### Exercise brief:
Every line of the entries below that carries the string "edges" should be copied.
++++++++
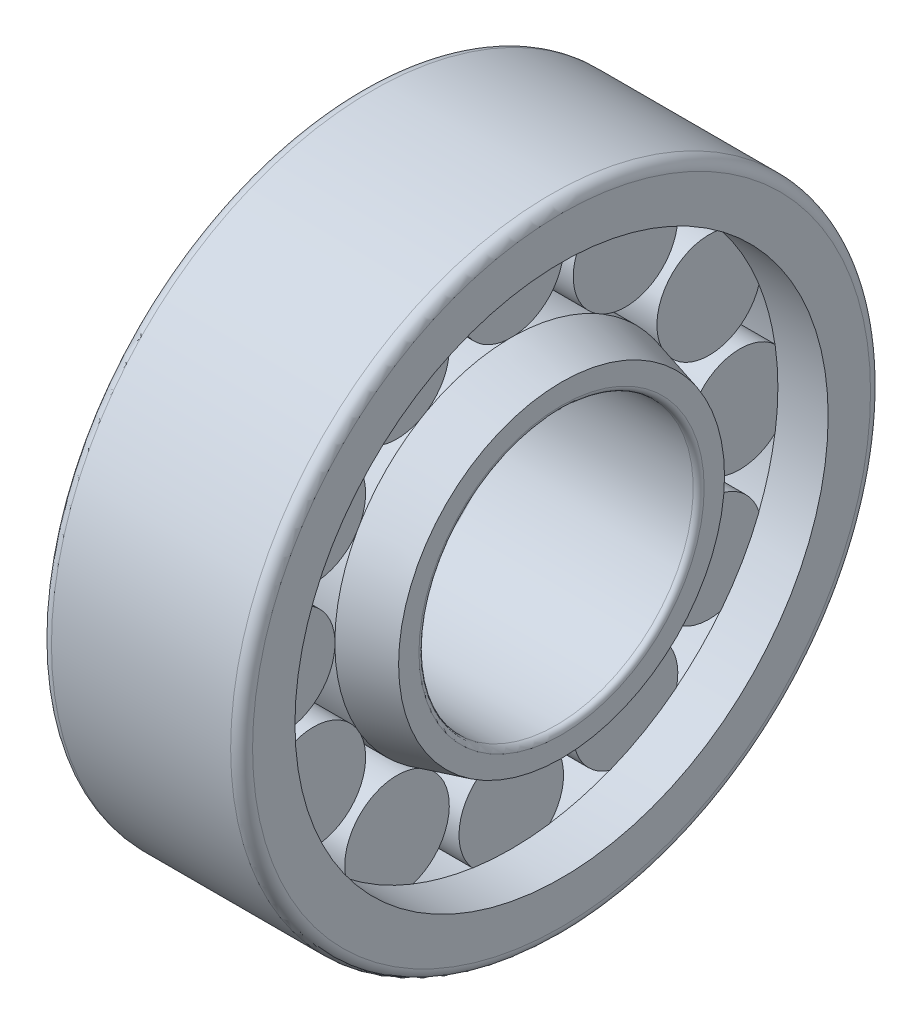
SolidWorks part; units mm, degrees
ref_plane "Front" through (0, 0, 0) normal (0, 0, 1) x (1, 0, 0)
ref_plane "Top" through (0, 0, 0) normal (0, 1, 0) x (1, 0, 0)
ref_plane "Right" through (0, 0, 0) normal (1, 0, 0) x (0, 0, -1)
sketch "Sketch1" plane through (0, 0, 0) normal (0, 0, 1) x (1, 0, 0)
  line L0 (-5.5, 7.5) -> (5.5, 7.5)
  line L1 (5.5, 7.5) -> (5.5, 8.9131)
  line L2 (5.5, 8.9131) -> (2.75, 9.65)
  line L3 (2.75, 9.65) -> (-2.75, 9.65)
  line L4 (-2.75, 9.65) -> (-5.5, 8.9131)
  line L5 (-5.5, 8.9131) -> (-5.5, 7.5)
  line L6 (-10.1379, 0) -> (10.5422, 0) construction
  dimension "D5" = 15
  dimension "D6" = 15
  dimension "D7" = 5.5
  dimension "D2" = 5.5
  dimension "D8" = 2.75
  dimension "B" = 11
revolve "Revolve1" add sketch "Sketch1" angle 360 about L6
sketch "Sketch2" plane through (0, 0, 0) normal (0, 0, 1) x (1, 0, 0)
  line L0 (-2.75, 9.64) -> (2.75, 9.64)
  line L1 (2.75, 9.64) -> (2.75, 12.5)
  line L2 (-2.75, 12.5) -> (2.75, 12.5)
  line L3 (-2.75, 12.5) -> (-2.75, 9.64)
  line L4 (-7.1198, 0) -> (7.769, 0) construction
  line L6 (-7.4228, 12.5) -> (7.769, 12.5) construction
  dimension "D1" = 19.28
  dimension "D2" = 12.5
  dimension "D4" = 5.5
  dimension "D5" = 2.75
revolve "Revolve2" add sketch "Sketch2" angle 360 about L6
sketch "Sketch3" plane through (0, 0, 0) normal (0, 0, 1) x (1, 0, 0)
  line L0 (-5.5, 17.5) -> (5.5, 17.5)
  line L1 (5.5, 17.5) -> (5.5, 14.5825)
  line L2 (5.5, 14.5825) -> (2.74, 14.5825)
  line L3 (2.74, 14.5825) -> (2.74, 15.35)
  line L4 (2.74, 15.35) -> (-2.74, 15.35)
  line L5 (-2.74, 15.35) -> (-2.74, 14.5825)
  line L6 (-2.74, 14.5825) -> (-5.5, 14.5825)
  line L7 (-5.5, 14.5825) -> (-5.5, 17.5)
  line L8 (-9.0822, 0) -> (10.5352, 0) construction
  dimension "D2" = 30.7
  dimension "D3" = 29.165
  dimension "B" = 11
  dimension "D6" = 5.48
  dimension "D7" = 2.74
  dimension "D5" = 5.5
revolve "Revolve3" add sketch "Sketch3" angle 360 about L8
pattern_circular "Circular-Pattern1" count 12 over 360 about axis through (-10.1379, 0, 0) along (1, 0, 0) of "Revolve2"
fillet "Fillet1" radius 0.6 2 edges at (-5.5, 0, 17.5) (5.5, 0, 17.5)
fillet "Fillet2" radius 0.3 2 edges at (5.5, 0, 7.5) (-5.5, 0, 7.5)
equation "\"D2@Sketch1\" = \"B@Sketch1\" / 2"
equation "\"D7@Sketch1\" = \"D2@Sketch1\""
equation "\"D8@Sketch1\" = \"D7@Sketch1\"/2"
equation "\"D2@Sketch2\" = ( \"DD@Sketch3\" + \"d@Sketch1\" )  / 4"
equation "\"D4@Sketch2\" = \"B@Sketch1\" / 2"
equation "\"D5@Sketch2\" = \"D4@Sketch2\" / 2"
equation "\"D1@Sketch2\" = \"FW@Sketch1\" - 0.02"
equation "\"B@Sketch3\" = \"B@Sketch1\""
equation "\"D5@Sketch3\" = \"B@Sketch3\" / 2"
equation "\"D6@Sketch3\" = \"D5@Sketch3\" - 0.02"
equation "\"D7@Sketch3\" = \"D6@Sketch3\" / 2"
equation "\"D2@Sketch3\" = ( \"DD@Sketch3\" + \"d@Sketch1\" )  / 4 * 2 + ( ( \"DD@Sketch3\" + \"d@Sketch1\" )  / 4 * 2 - \"FW@Sketch1\"  ) "
equation "\"D3@Sketch3\" = \"D2@Sketch3\" * 0.95"
equation "\"m@Circular-Pattern1\"=int(3.14159265/atn(((\"DD@Sketch3\"+\"d@Sketch1\")/4-\"FW@Sketch1\"/2+0.02) / sqr((\"DD@Sketch3\"+\"d@Sketch1\")/4  * (\"DD@Sketch3\"+\"d@Sketch1\")/4 - ((\"DD@Sketch3\"+\"d@Sketch1\")/4-\"FW@Sketch1\"/2+0.02) *  ((\"DD@Sketch3\"+\"d@Sketch1\")/4-\"FW@Sketch1\"/2+0.02))))-1"
++++++++
### Written response:
fillet "Fillet1" radius 0.6 2 edges at (-5.5, 0, 17.5) (5.5, 0, 17.5)
fillet "Fillet2" radius 0.3 2 edges at (5.5, 0, 7.5) (-5.5, 0, 7.5)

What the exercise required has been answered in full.